Ahora, la crisis de la pandemia nos hace conscientes de las lagunas científicas y sociales de nuestro mundo idealizado, que el Mundo feliz de Huxley no lo es tanto. Pienso que una filosofía realista, la que se hace mirando por la ventana, saliendo a la calle, no la que es fruto de la imaginación, de los deseos y sueños, al acercarnos al mundo real, nos lleva a la humildad: las cosas, el mundo, la naturaleza, el cuerpo humano … son como son: limitados. No somos Dios, ni tenemos su poder. Debemos contar con nuestras limitaciones y con las de los demás.
En el Evangelio de hoy encontramos una escena que, en nuestra soberbia, nos puede costar entender: “Ella se acercó y se postró ante él diciendo: Señor, ayúdame. Él le contestó: No está bien tomar el pan de los hijos y echárselo a los perritos. Pero ella repuso: Tienes razón, Señor; pero también los perritos se comen las migajas que caen de la mesa de los amos”. El Señor permite, casi se puede decir que provoca, la humillación de la mujer cananea que implora la curación de su hija. Podría haberla curado a la primera, pero deja que insista, que se humille. Al final se conmueve con su actitud: “Jesús le respondió: Mujer, qué grande es tu fe: que se cumpla lo que deseas. En aquel momento quedó curada su hija”.
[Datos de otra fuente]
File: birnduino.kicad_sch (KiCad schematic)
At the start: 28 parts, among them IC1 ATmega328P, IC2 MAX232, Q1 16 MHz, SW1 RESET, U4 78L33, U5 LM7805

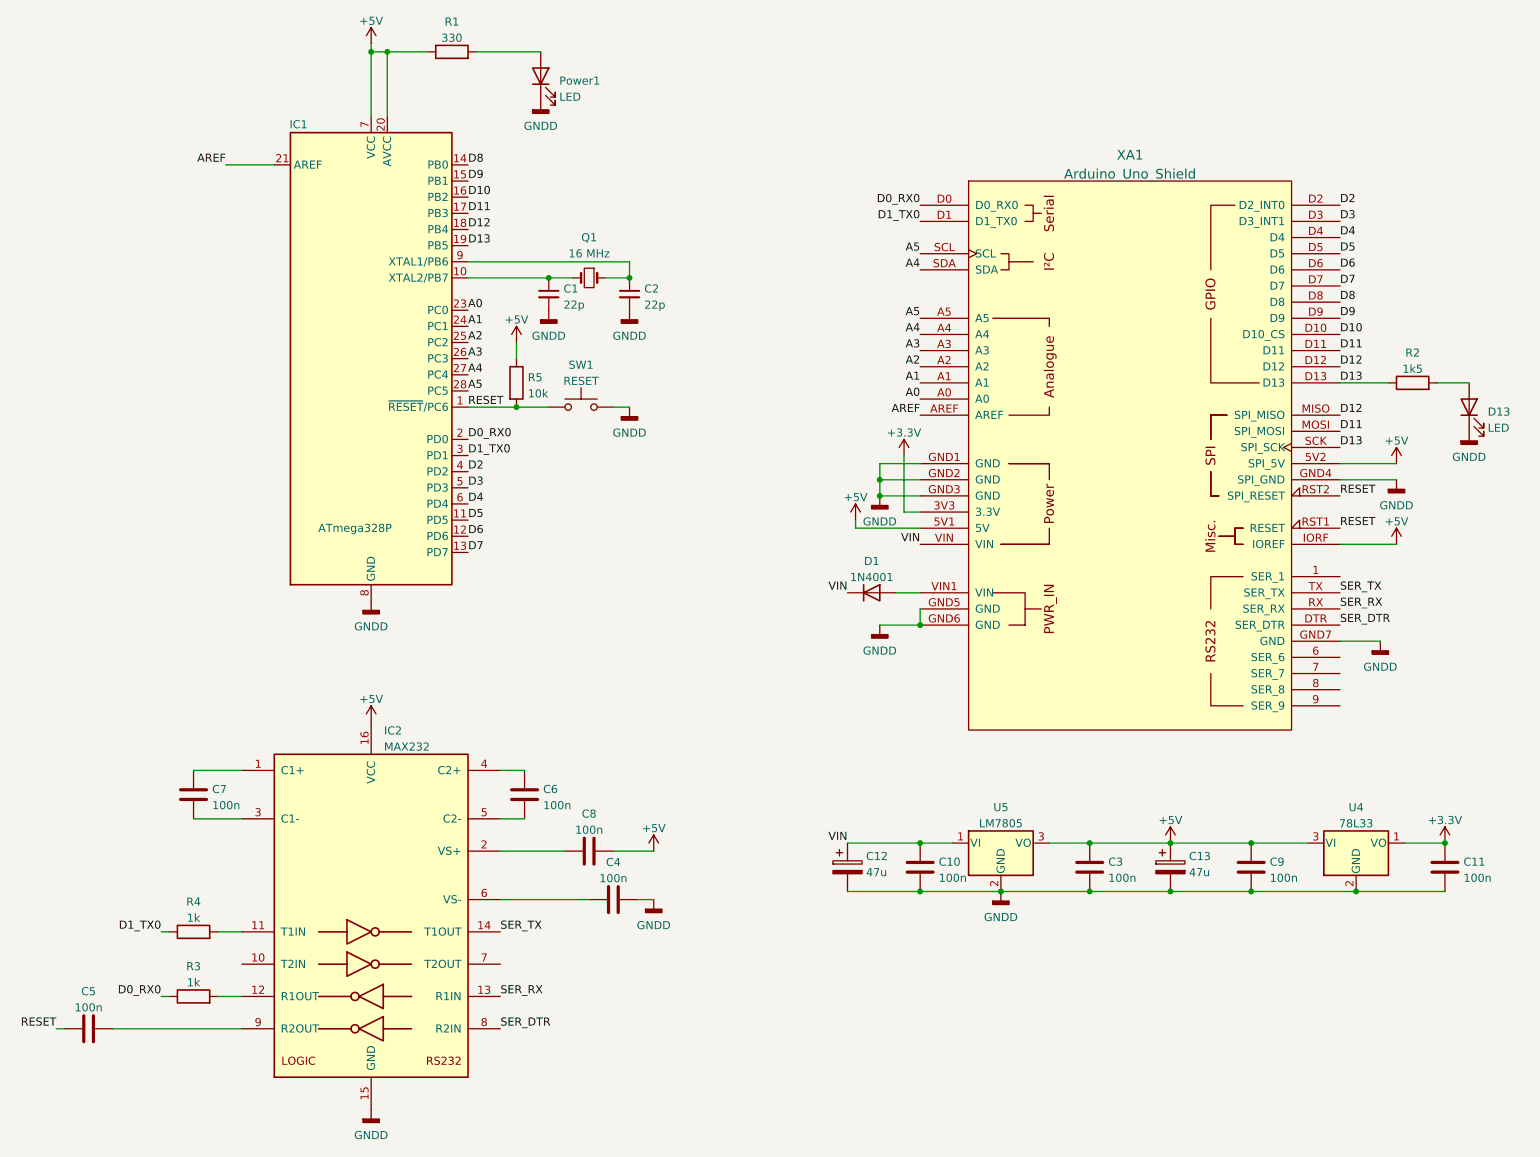
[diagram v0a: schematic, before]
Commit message: Fixed some issues detected by ERC. No impact on board layout.
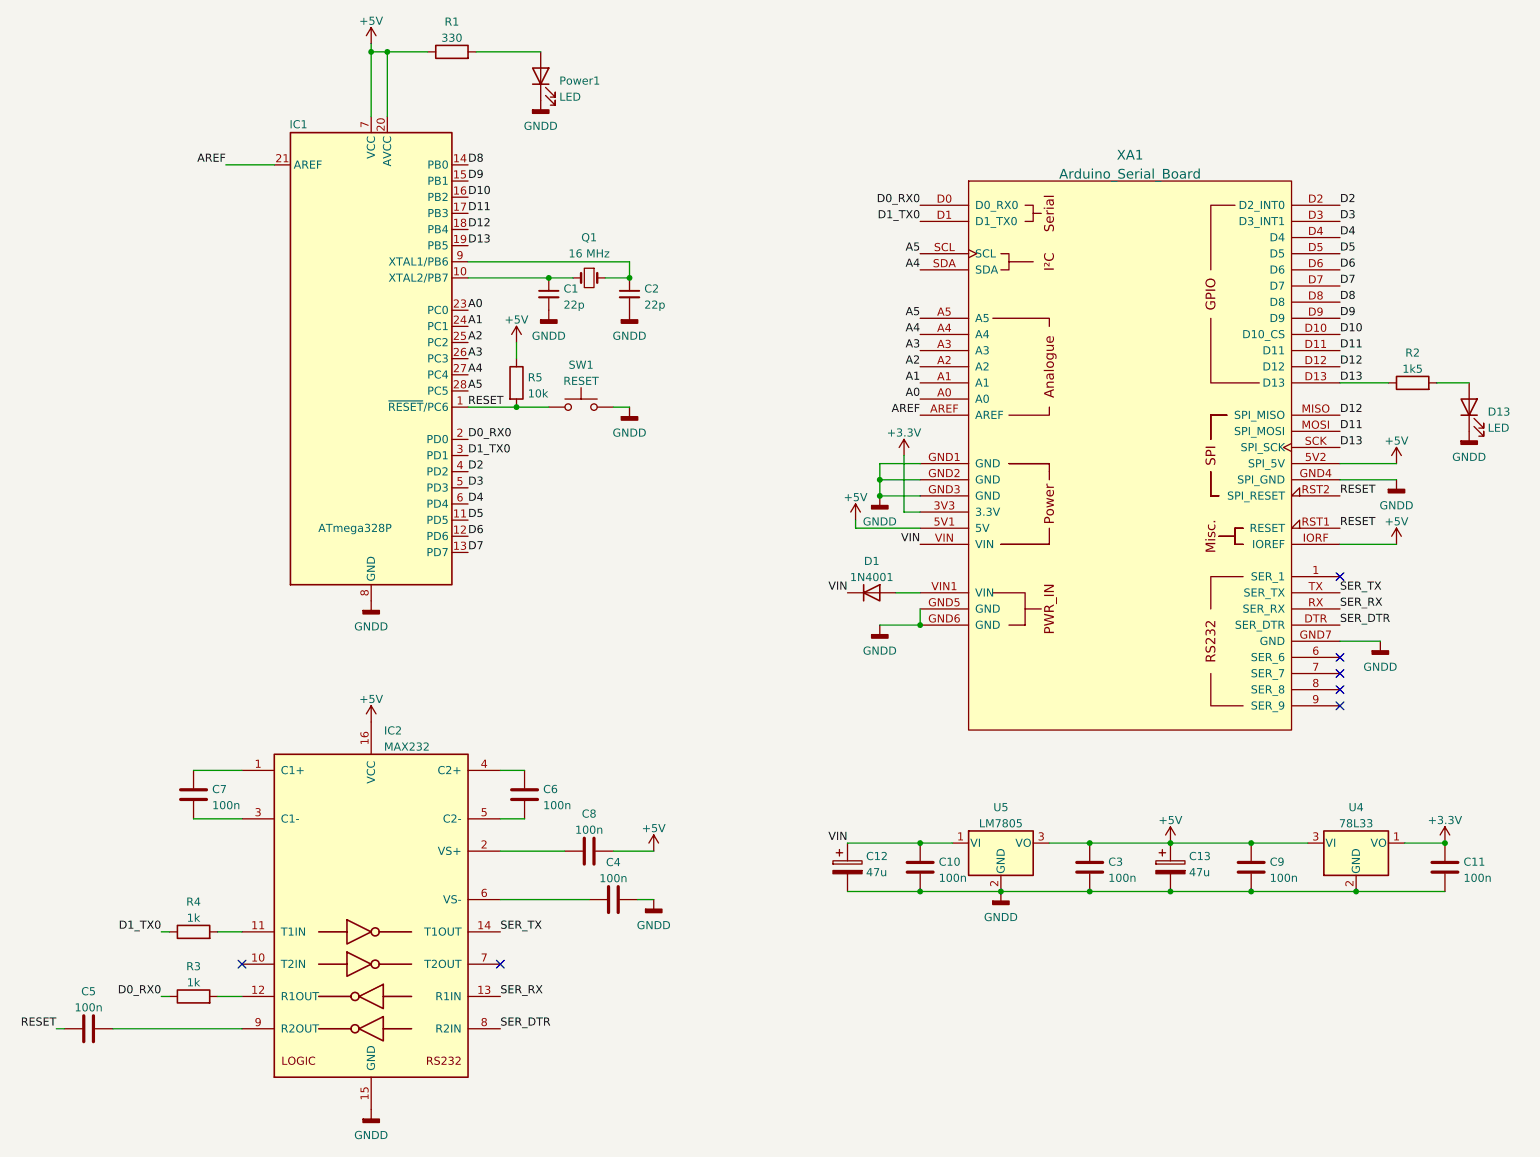
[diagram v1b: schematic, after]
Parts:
- XA1: value Arduino_Uno_Shield -> Arduino_Serial_Board
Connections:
- no-connect marks 0 -> 7
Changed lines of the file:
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@@
   (junction (at 111.76 77.47) (diameter 0) (color 0 0 0 0)
   )
+  (no_connect (at 109.22 165.1))
+  (no_connect (at 68.58 165.1))
+  (no_connect (at 241.3 104.14))
+  (no_connect (at 241.3 119.38))
+  (no_connect (at 241.3 116.84))
+  (no_connect (at 241.3 124.46))
+  (no_connect (at 241.3 121.92))
   (wire (pts (xy 55.88 160.02) (xy 57.15 160.02))
     (stroke (width 0) (type default) (color 0 0 0 0))
@@
       (effects (font (size 1.524 1.524)))
     )
-    (property "Value" "Arduino_Uno_Shield" (id 1) (at 208.28 40.8193 0)
+    (property "Value" "Arduino_Serial_Board" (id 1) (at 208.28 40.8193 0)
       (effects (font (size 1.524 1.524)))
     )
@@
     )
     (path "/d2d8cc72-a089-4a96-b742-afdfb4767d5d"
-      (reference "XA1") (unit 1) (value "Arduino_Uno_Shield") (footprint "Arduino:Arduino_Serial_Shield")
-    )
-  )
+      (reference "XA1") (unit 1) (value "Arduino_Serial_Board") (footprint "Arduino:Arduino_Serial_Shield")
+    )
+  )

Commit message: Update of board/library to change D-SUB connector and power jack.
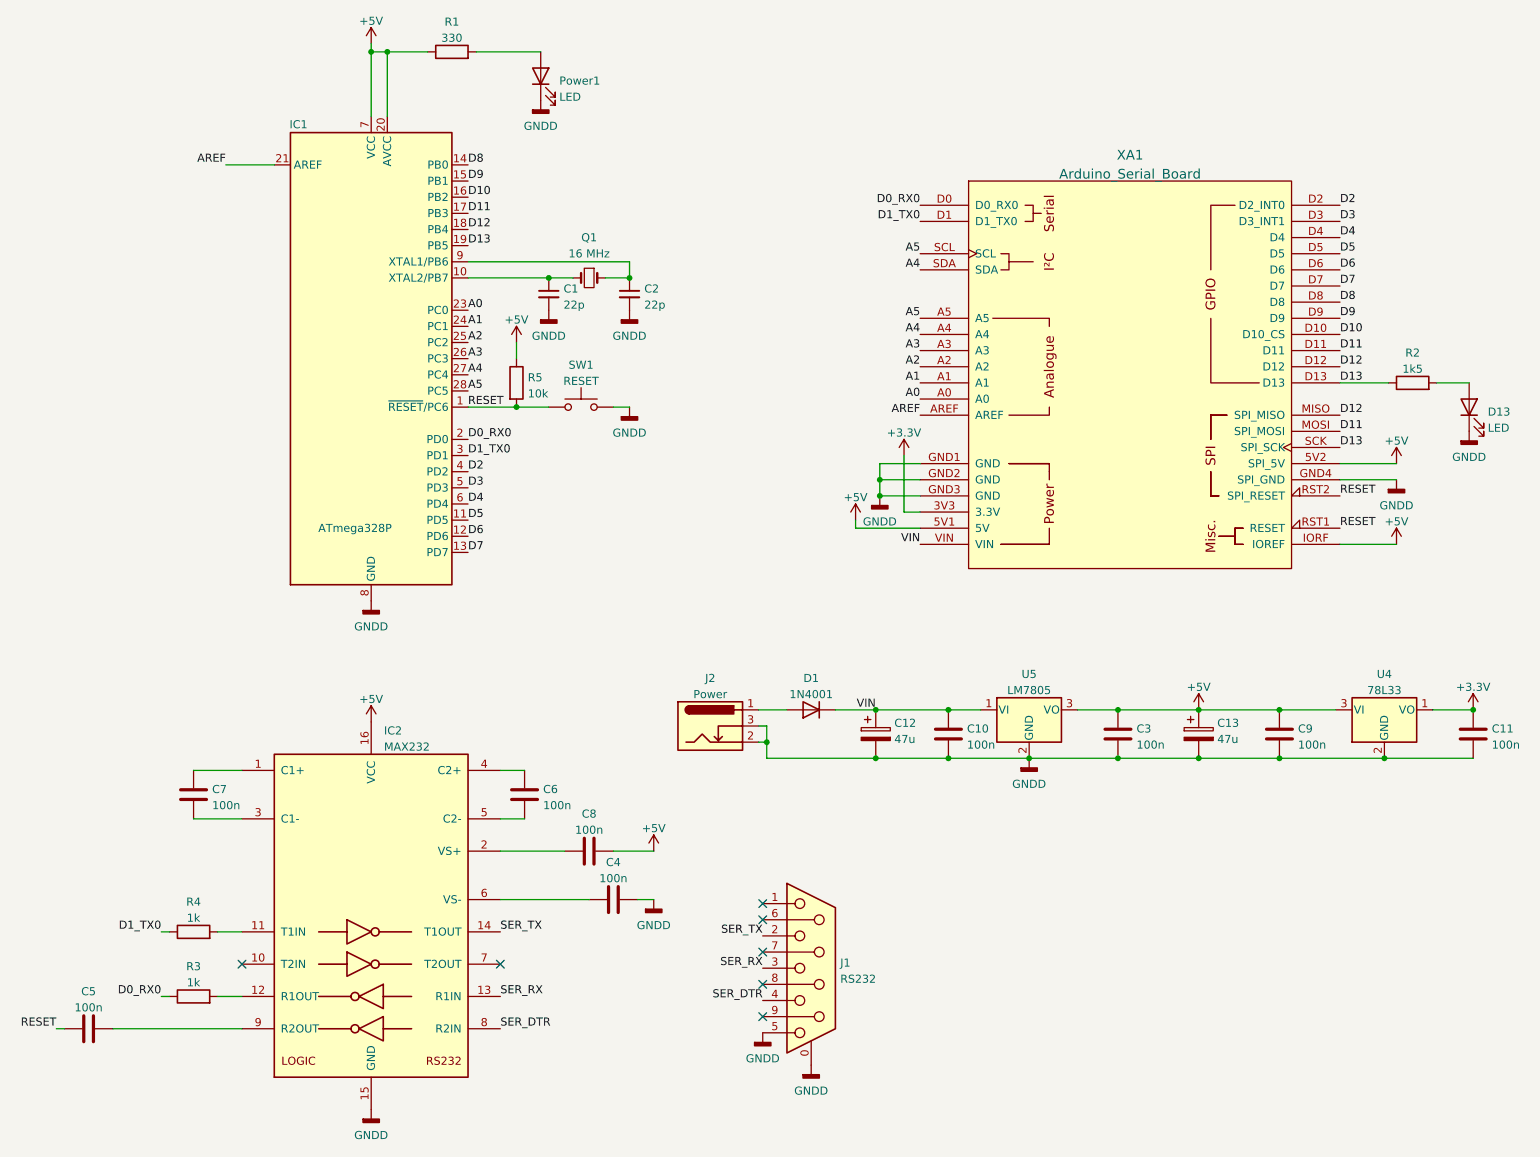
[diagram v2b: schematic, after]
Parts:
- added J1: RS232, Connector_Dsub:DSUB-9_Female_Horizontal_P2.77x2.84mm_EdgePinOffset7.70mm_Housed_MountingHolesOffset9.12mm, symbol Connector:DB9_Female_MountingHoles
- added J2: Power, Connector_BarrelJack:BarrelJack_Horizontal, symbol Connector:Barrel_Jack_Switch
- XA1: symbol arduino:Arduino_Serial_Shield -> arduino:Arduino_Uno_Shield
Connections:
- net GNDD: now also J1.0 (PAD), J1.5, J2.2, J2.3; no longer XA1.GND5 (GND), XA1.GND6 (GND), XA1.GND7 (GND)
- net SER_DTR: now also J1.4; no longer XA1.DTR (SER_DTR)
- net SER_RX: now also J1.3; no longer XA1.RX (SER_RX)
- net SER_TX: now also J1.2; no longer XA1.TX (SER_TX)
- net at D1.2 (A): now also J2.1; no longer XA1.VIN1 (VIN)
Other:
- title: (none) -> Birnduino
- moved on the sheet: C10, C11, C12, C13, C3, C9, D1, U4, U5

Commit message: Removed dependencies to Arduino KiCad Library
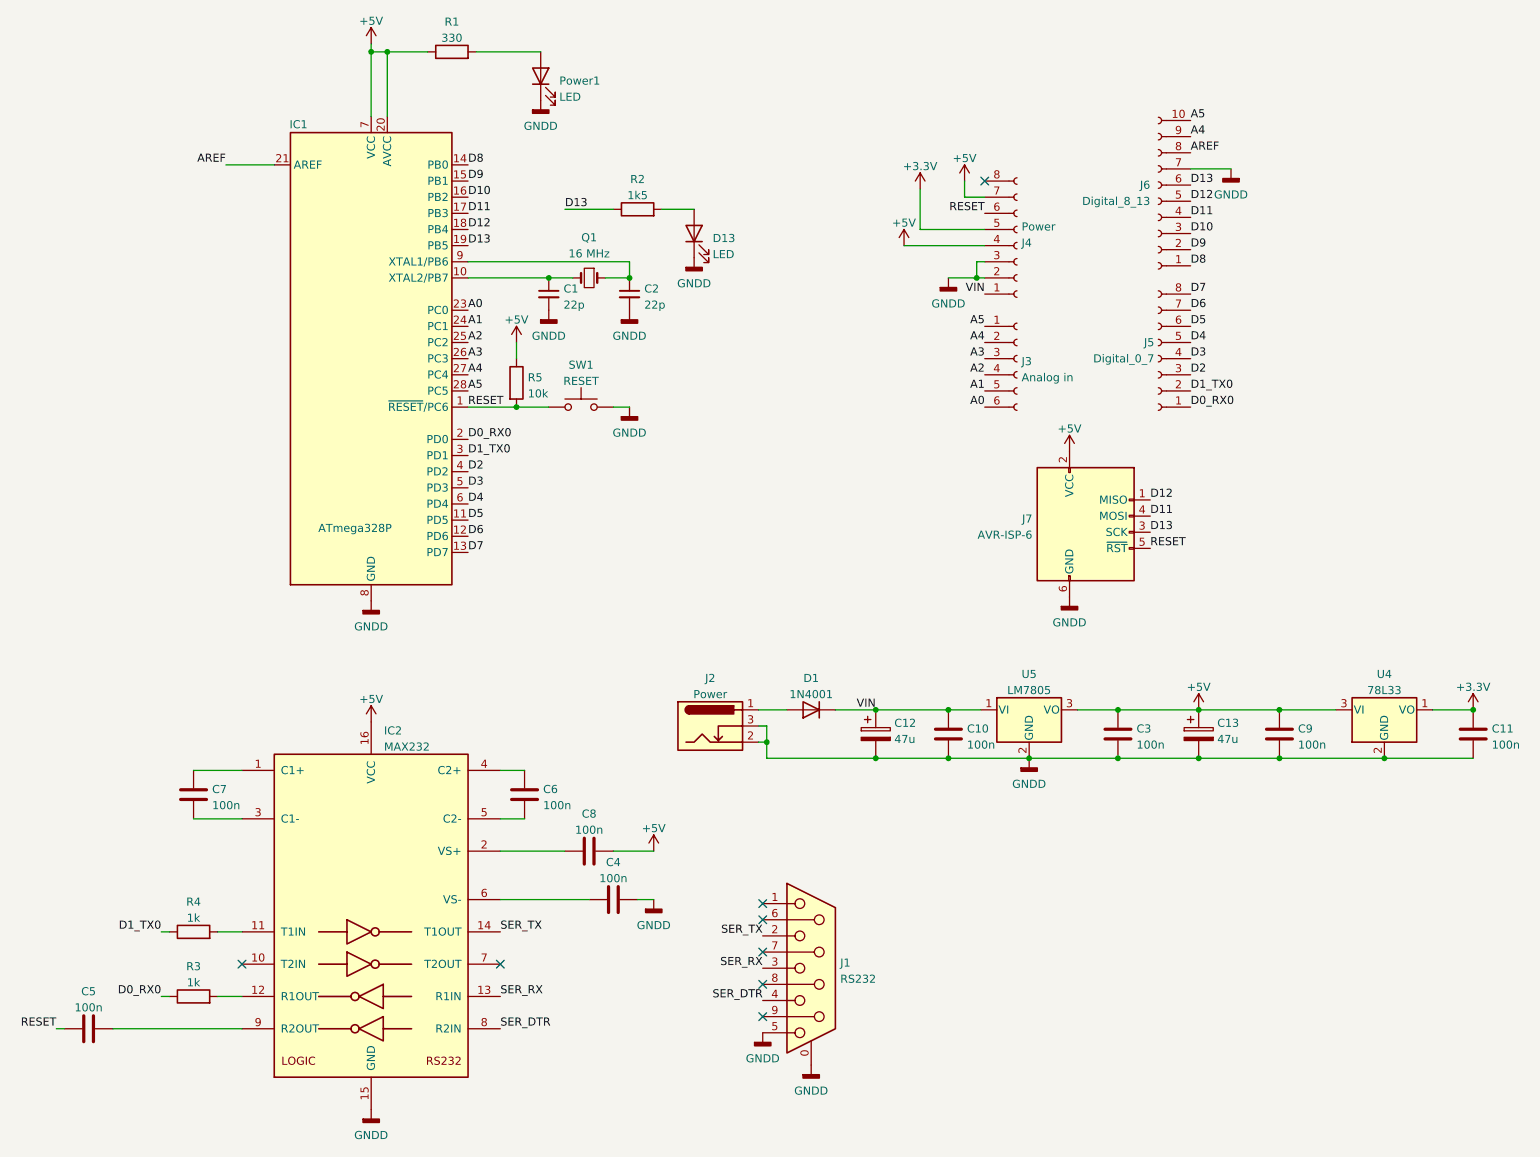
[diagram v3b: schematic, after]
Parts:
- removed XA1: Arduino_Serial_Board, Arduino:Arduino_Serial_Shield, symbol arduino:Arduino_Uno_Shield
- added J3: Analog in, Connector_PinSocket_2.54mm:PinSocket_1x06_P2.54mm_Vertical, symbol Connector:Conn_01x06_Female
- added J4: Power, Connector_PinSocket_2.54mm:PinSocket_1x08_P2.54mm_Vertical, symbol Connector:Conn_01x08_Female
- added J5: Digital_0_7, Connector_PinSocket_2.54mm:PinSocket_1x08_P2.54mm_Vertical, symbol Connector:Conn_01x08_Female
- added J6: Digital_8_13, Connector_PinSocket_2.54mm:PinSocket_1x10_P2.54mm_Vertical, symbol Connector:Conn_01x10_Female
- added J7: AVR-ISP-6, Connector_PinHeader_2.54mm:PinHeader_2x03_P2.54mm_Vertical, symbol Connector:AVR-ISP-6
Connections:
- net +3V3: now also J4.5 (Pin_5)
- net +5V: now also J4.4 (Pin_4), J4.7 (Pin_7), J7.2 (VCC)
- net A0: now also J3.6 (Pin_6)
- net A1: now also J3.5 (Pin_5)
- net A2: now also J3.4 (Pin_4)
- net A3: now also J3.3 (Pin_3)
- net A4: now also J3.2 (Pin_2), J6.9 (Pin_9)
- net A5: now also J3.1 (Pin_1), J6.10 (Pin_10)
- net AREF: now also J6.8 (Pin_8)
- net D0_RX0: now also J5.1 (Pin_1)
- net D10: now also J6.3 (Pin_3)
- net D11: now also J6.4 (Pin_4), J7.4 (MOSI)
- net D12: now also J6.5 (Pin_5), J7.1 (MISO)
- net D13: now also J6.6 (Pin_6), J7.3 (SCK)
- net D1_TX0: now also J5.2 (Pin_2)
- net D2: now also J5.3 (Pin_3)
- net D3: now also J5.4 (Pin_4)
- net D4: now also J5.5 (Pin_5)
- net D5: now also J5.6 (Pin_6)
- net D6: now also J5.7 (Pin_7)
- net D7: now also J5.8 (Pin_8)
- net D8: now also J6.1 (Pin_1)
- net D9: now also J6.2 (Pin_2)
- net GNDD: now also J4.2 (Pin_2), J4.3 (Pin_3), J6.7 (Pin_7), J7.6 (GND)
- net RESET: now also J4.6 (Pin_6), J7.5 (~{RST})
- net VIN: now also J4.1 (Pin_1)
- no-connect marks 7 -> 8
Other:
- moved on the sheet: D13, R2

Es toda una lección para el soberbio, engreído, que se arrodilla ante múltiples ídolos, pero no ante Dios, y no respeta a los demás. Humillarnos frente a Dios, suplicarle, es una confesión de nuestra pequeñez. Ponernos de rodillas nos hace mucho bien, sirve a nuestra humildad; además Cristo se humilló primero, se inclinó ante los Apóstoles y les lavó los pies.
Tener una actitud comprensiva, sobre todo en el ambiente familiar, hace mucho bien y evita muchos males: no echar en cara los defectos y errores, disculpar sus fallos, ver lo positivo, pedir perdón por nuestros yerros, ser educados, dar las gracias y pedir las cosas por favor, tener detalles, corregir con delicadeza, sin humillar, aprender de los otros… Esto crea un ambiente grato, cálido que favorece las relaciones que tienden a tensarse con frecuencia.
Decía san Josemaría: “La humildad nos lleva como de la mano a esa forma de tratar al prójimo, que es la mejor: la de comprender a todos, convivir con todos, disculpar a todos; no crear divisiones ni barreras; comportarse −¡siempre!− como instrumentos de unidad” ¡Da gusto encontrarse con una persona humilde!